DDB

Repository RustDistributed System

The ‘groups’ functionality of the Spider platform involves a chunk of data that is fully synchronized between each of the members of the group. This is required because the goal is that each member has the same view of the data as the others. While I was working on that project, I wondered what it would be like to relax that constraint. This project explores that premise through the implementation of a distributed key value store. I also used the opportunity to explore using UDP instead of TCP.

It should be noted, that since each node can have a different view of the data, this is clearly not intended for situations where that constraint is required. This experiment is not intended to be a replacement for traditional databases.

Since there is no single synchronized view of the data, there must be another way to determine what data is seen by any given node. Part of the motivation behind both the Spider’s group data and this experiment is to try to model a distributed system after the way that human beings interact with data socially. Therefore, each node can determine its view of the data based on its trust of the source(s) of that data.

The system propagates new data through it using a gossip protocol. When a node assigns a new value to a key, it broadcasts the value to a few other neighboring nodes. These nodes in turn broadcast the value to a few of their neighbors. If a node receives a broadcast it has already heard from another node, it ignores it. In this way the new data spreads through the system. This gives each node an opportunity to decide if it trusts the origination of the data. If the data is trusted it is forwarded to the neighbors and a copy is kept locally. If the data is neutral, it is forwarded but not kept locally. And finally, if the data is distrusted, it is rejected and neither kept nor forwarded.

Each node curates what data is allowed into its local set by determining trust. There are two parts to this determination. First, the user can set the node’s trust of some source to some value. This defaults to a neutral trust for new nodes. Next, each of the neighbors are asked what their trust of the source is. The neighbor’s trust is then adjusted by the node’s trust of that neighbor. Trusted neighbors’ opinions are given more weight than neutral ones. The combined result is applied as an adjustment to the base value set by the user.

When values are sent through the network, there needs to be a way to know if the new value should supersede the current value. Also, some node might not trust the most recent sender and consider a less recent value to be its current value. Two implications come from this. Values must have some kind of sequence number to order them, and some number of historical values should be kept for the system to be able to produce a value when the more recent values are undesirable.

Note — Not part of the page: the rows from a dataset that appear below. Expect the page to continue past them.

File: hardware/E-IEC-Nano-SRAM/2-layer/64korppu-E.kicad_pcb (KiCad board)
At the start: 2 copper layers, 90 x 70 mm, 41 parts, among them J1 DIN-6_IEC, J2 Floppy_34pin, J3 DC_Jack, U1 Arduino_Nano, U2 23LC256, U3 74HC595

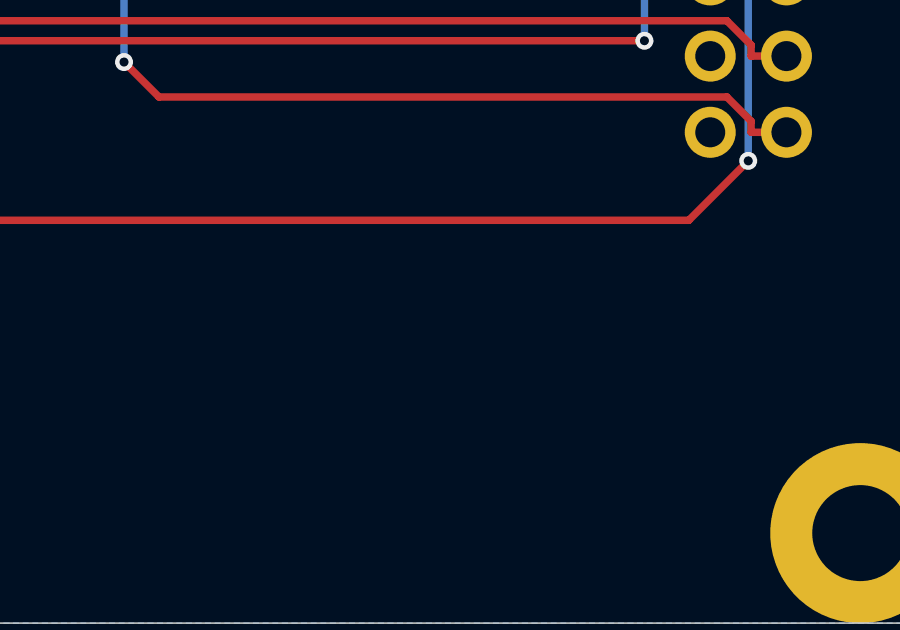
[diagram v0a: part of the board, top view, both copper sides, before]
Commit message: Add "karski by design 2026 rev 001" board label to both PCBs
Add copper layer text label on F.Cu for 2-layer and 4-layer PCBs.
Resize script recreates the label automatically on each resize.
Fix SetIsBold→SetBold for KiCad 9 Python API.

Co-Authored-By: Claude Opus 4.6 <noreply@anthropic.com>
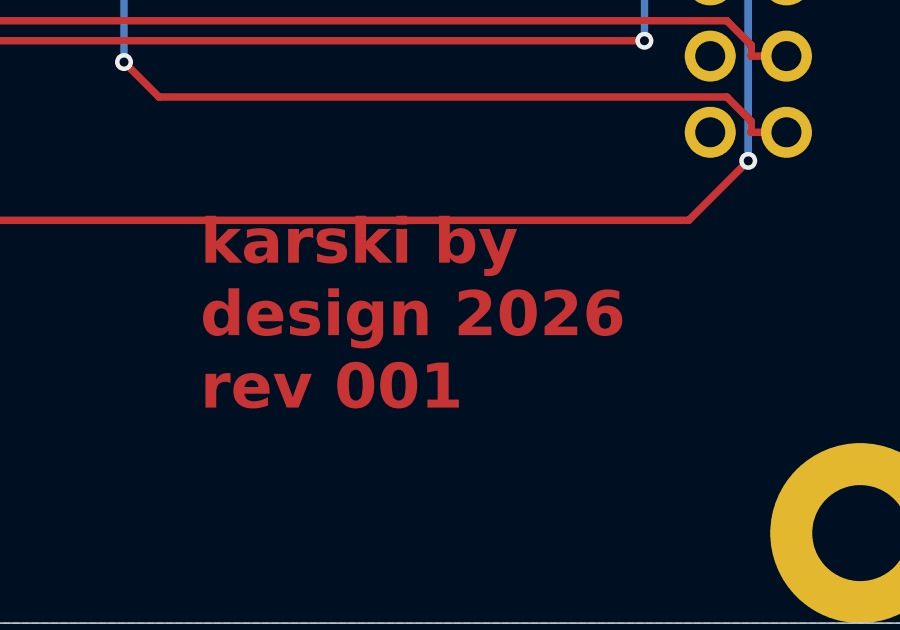
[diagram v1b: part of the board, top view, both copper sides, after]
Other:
- board text added: "karski by design 2026 rev 001"
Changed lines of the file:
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@@
 		(layer "Edge.Cuts")
+	)
+	(gr_text "karski by\ndesign 2026\nrev 001"
+		(at 165 163 0)
+		(layer "F.Cu")
+		(effects
+			(font
+				(size 1.5 1.5)
+				(thickness 0.3)
+				(bold yes)
+			)
+			(justify left bottom)
+		)
 	)
 	(segment
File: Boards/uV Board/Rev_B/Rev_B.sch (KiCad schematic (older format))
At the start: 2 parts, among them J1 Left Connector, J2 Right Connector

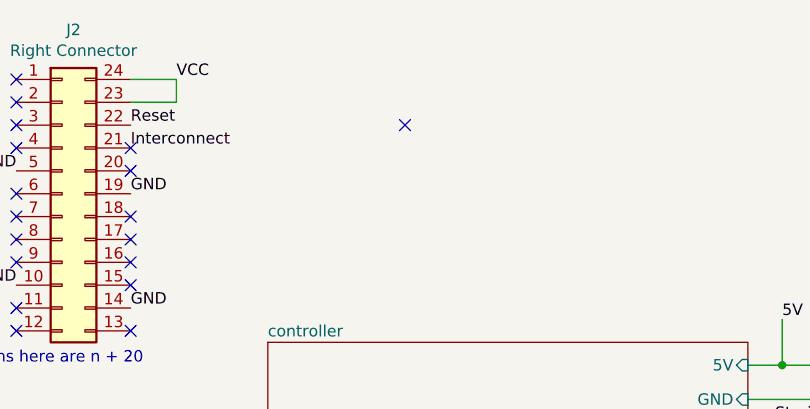
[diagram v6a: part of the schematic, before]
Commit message: In process of updating ADC board to remove 5V connection from PI. Also commiting small changes to uV board.
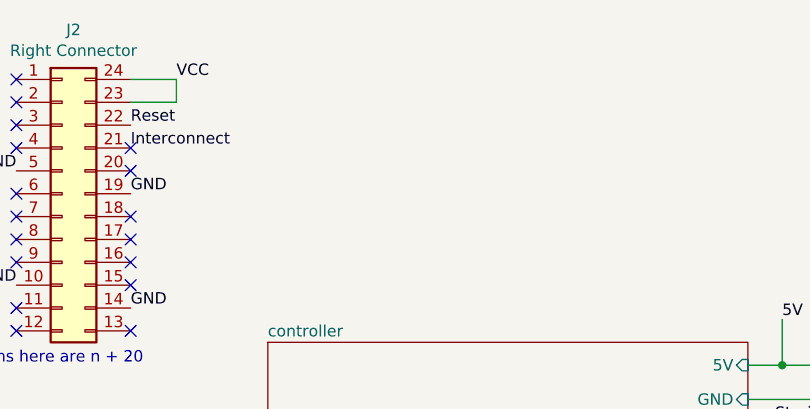
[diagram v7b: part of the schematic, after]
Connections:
- no-connect marks 28 -> 27
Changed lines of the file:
@@
 Wire Wire Line
 	8350 3900 8350 4300
-NoConn ~ 6350 1600
 $Sheet
 S 1850 3550 1200 900

Ordinarily, introducing a sequence number like this would imply some way to strictly assign the numbers uniquely, and in order. Unfortunately, this goes against the premise of the experiment. The system must be distributed, and not require nodes to strictly sequence anything. However, since the system is not required to provide the same view to each node, there is a way around this.

If a node sets a new value with the next known sequence number, but due to latencies in the network, another node has chosen its next sequence number to be greater, this is ok since other nodes can overwrite your values at any time, in this case it was immediately. If two nodes simultaneously choose the same sequence number, we can use the trust system to break the tie. Nodes will use whichever sequence number is from a source they trust more, and as nodes can have different views of the system this is not a violation.

Uses

A database where nodes can construct their own version of the stored data isn’t straightforwardly useful. What could this be used for? Since this system is designed in a way that mimics human social behaviors, it could be used to underpin a social media application. This way users can block each other, or indicate that they want to see more data from another trusted user. This behavior can then be directly integrated with the data layer instead of synthesized on top of it. The sequence structure of the messages is also conducive to building a feed, which is a common component of social media.

The sequenced or feed like structure of the messages could also be useful for disseminating other public data. E.g. temperature sensors could all write to some key, and then each user only trusts nearby or otherwise relevant sources.

The system also has a mechanism to remove antisocial nodes from the network. If a node is blocked by enough of its peers, its messages will not be relayed through the network and it will be effectively banned. This allows banning without relying on some authority to make the decisions.

One weakness of this system is that it requires nodes to see and present antisocial data or behaviors before the node or its user can react and then start to distrust the offending node. This means malicious content has to be seen by at least some portion of the userbase before the safety net kicks in. This could be at least partially solved through the use of automated trust adjustments. If an automated filter detected objectionable content, it could automatically decrease the trust level by some amount. This distrust would then spread more rapidly since many nodes would simultaneously apply distrust. Then since trust is partially based on neighbors, those neighbors would depress the trust level even more.

Other strategies could include adjusting the base trust level, or stricter filtering so that only actively trusted nodes’ content is displayed.